Ollama
Add local AI models as tools for the container agent. Offload summarization, translation, and queries to Ollama.
What it does
- Exposes local Ollama models as MCP tools inside the container
- Claude stays the orchestrator — delegates specific tasks to local models
- Two tools added: ollama_list_models and ollama_generate
- No API key needed — runs against your local Ollama instance
- Optional macOS notification watcher for monitoring Ollama usage
What you'll need
- NanoClaw installed and running
- Ollama installed and running on the host
- At least one Ollama model pulled
Install
/add-ollama-tool How it works
The /add-ollama-tool skill adds a stdio-based MCP server that connects the container agent to your local Ollama instance. Claude remains the orchestrator — it decides when to use a local model and what to send it. This is useful for offloading cheaper or faster tasks like summarization, translation, or general knowledge queries to a local model while keeping Claude for complex reasoning.
The skill adds two tools to the agent:
- ollama_list_models — lists all models installed in your Ollama instance.
- ollama_generate — sends a prompt to a specified model and returns the response.
When a user sends a message like “use ollama to summarize this article,” Claude calls ollama_list_models to see what’s available, picks an appropriate model, and calls ollama_generate with the prompt. The response from the local model is incorporated into Claude’s reply.
Setup
The skill checks that Ollama is installed and running, then applies code changes through the skills engine. It adds the MCP server source file, registers it in the container configuration, and copies the updated source to any existing per-group session directories.

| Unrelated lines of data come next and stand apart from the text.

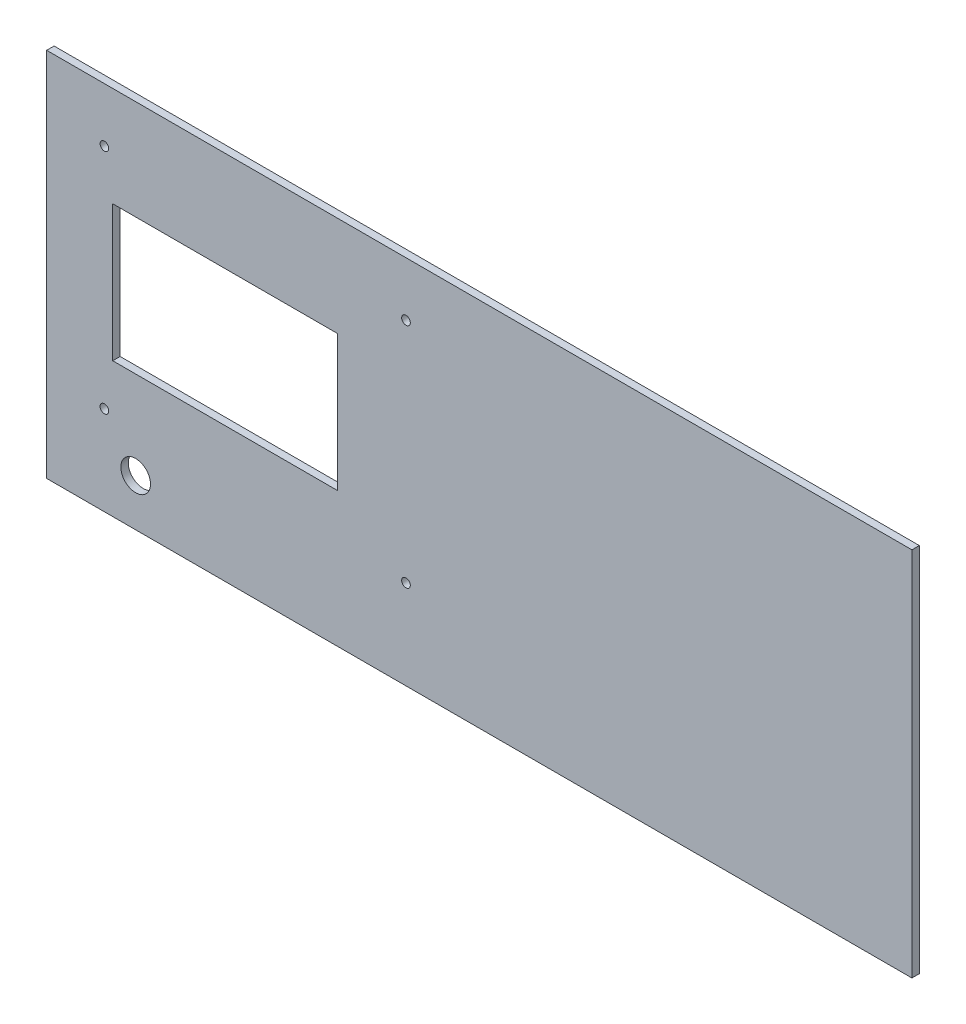
SolidWorks part; units mm, degrees
ref_plane "前视基准面" through (0, 0, 0) normal (0, 0, 1) x (1, 0, 0)
ref_plane "上视基准面" through (0, 0, 0) normal (0, 1, 0) x (1, 0, 0)
ref_plane "右视基准面" through (0, 0, 0) normal (1, 0, 0) x (0, 0, -1)
sketch "草图1" plane through (0, 0, 0) normal (0, 0, 1) x (1, 0, 0)
  line L0 (-57.2774, 110.5955) -> (-57.2774, 53.5955) construction
  line L1 (-52.2774, 109.5955) -> (-148.2774, 109.5955) construction
  line L3 (-148.2774, 109.5955) -> (-148.2774, 54.5955) construction
  line L4 (-149.2774, 110.5955) -> (-149.2774, 53.5955)
  line L5 (-149.2774, 53.5955) -> (-52.2774, 53.5955)
  line L6 (-52.2774, 53.5955) -> (-52.2774, 110.5955)
  line L7 (-52.2774, 110.5955) -> (-149.2774, 110.5955)
  line L8 (-149.2774, 110.5955) -> (-149.2774, 53.5955) construction
  line L9 (-149.2774, 53.5955) -> (-52.2774, 53.5955) construction
  line L10 (-52.2774, 53.5955) -> (-52.2774, 110.5955) construction
  line L11 (-52.2774, 110.5955) -> (-149.2774, 110.5955) construction
  line L19 (-175, 150) -> (-175, 0)
  line L20 (-175, 0) -> (175, 0)
  line L21 (175, 0) -> (175, 150)
  line L22 (175, 150) -> (-175, 150)
  line L23 (-175, 150) -> (-175, 0)
  line L24 (-175, 0) -> (175, 0)
  line L25 (175, 0) -> (175, 150)
  line L26 (175, 150) -> (-175, 150)
  line L383 (-148.2774, 54.5955) -> (-52.2774, 54.5955) construction
  line L385 (-57.2774, 109.5955) -> (-148.2774, 109.5955)
  line L386 (-57.2774, 109.5955) -> (-57.2774, 54.5955)
  line L387 (-57.2774, 54.5955) -> (-148.2774, 54.5955)
  line L388 (-148.2774, 109.5955) -> (-148.2774, 54.5955)
  circle A0 centre (-29.6524, 36.0955) radius 3 construction
  circle A1 centre (-151.6524, 36.0955) radius 3
  circle A2 centre (-151.6524, 36.0955) radius 3 construction
  circle A3 centre (-151.6524, 128.0955) radius 3
  circle A4 centre (-151.6524, 128.0955) radius 3 construction
  circle A5 centre (-29.6524, 128.0955) radius 3 construction
  circle A6 centre (-29.6524, 36.0955) radius 3 construction
  circle A7 centre (-29.6524, 128.0955) radius 3 construction
  circle A8 centre (-151.6524, 128.0955) radius 1.75
  circle A9 centre (-29.6524, 128.0955) radius 1.75
  circle A10 centre (-29.6524, 36.0955) radius 1.75
  circle A11 centre (-151.6524, 36.0955) radius 1.75
  circle A12 centre (-139, 19) radius 6
  circle A39 centre (-139, 19) radius 8.5 construction
  dimension "D6" = 3.5
  dimension "D7" = 3.5
  dimension "D8" = 3.5
  dimension "D9" = 3.5
  dimension "D13" = 12
  dimension "D14" = 17
  dimension "D11" = 19
  dimension "D12" = 36
  dimension "D2" = 5
  dimension "D1" = 0
  dimension "D4" = 0
  dimension "D5" = 0
  dimension "D10" = 0
  dimension "D3" = 1
extrude "凸台-拉伸1" add sketch "草图1" along normal blind 3
equation "\"D7@草图1\"=\"D6@草图1\""
equation "\"D8@草图1\"=\"D6@草图1\""
equation "\"D9@草图1\"=\"D6@草图1\""

If you don’t have any Ollama models yet, the skill suggests starting with one of these:
ollama pull gemma3:1b— small and fast (1 GB)ollama pull llama3.2— good general purpose (2 GB)ollama pull qwen3-coder:30b— strong at code tasks (18 GB)
Network routing
The MCP server inside the container connects to Ollama on the host machine. With Docker, it reaches the host via host.docker.internal:11434. With Apple Container, it uses localhost:11434. If you’re running Ollama on a different machine or port, set OLLAMA_HOST in your .env file.
Monitoring
The skill includes an optional watcher script (scripts/ollama-watch.sh) that sends macOS notifications when Ollama is used. Run it in a terminal to see real-time notifications as the agent generates with local models.
You can also monitor via logs:
tail -f logs/nanoclaw.log | grep -i ollama
Look for [OLLAMA] >>> Generating and [OLLAMA] <<< Done entries.
Troubleshooting
Agent says “Ollama is not installed.” The agent is trying to run the ollama CLI inside the container instead of using the MCP tools. This means the MCP server wasn’t registered correctly. Re-run the skill or verify that container/agent-runner/src/index.ts has the ollama entry in its mcpServers config.
“Failed to connect to Ollama.” Verify Ollama is running on the host (ollama list). If using Docker, confirm the container can reach the host network. If using a custom host, check the OLLAMA_HOST value in .env.
Agent doesn’t use Ollama tools. The agent may not know the tools exist. Be explicit in your message: “use the ollama_generate tool with gemma3:1b to answer this.” Once the agent has used the tools once, it tends to remember them for future messages.
Tips
- Claude decides when to use Ollama based on the task. You can nudge it by mentioning Ollama in your message, or you can let Claude figure out when a local model is sufficient.
- Smaller models respond faster but produce lower-quality output. For simple tasks like translation or factual lookups, a 1-2 GB model is fine. For anything requiring reasoning, let Claude handle it directly.
- The Ollama MCP server runs as a stdio process inside the container — it starts with each agent session and stops when the session ends. There’s no persistent background process.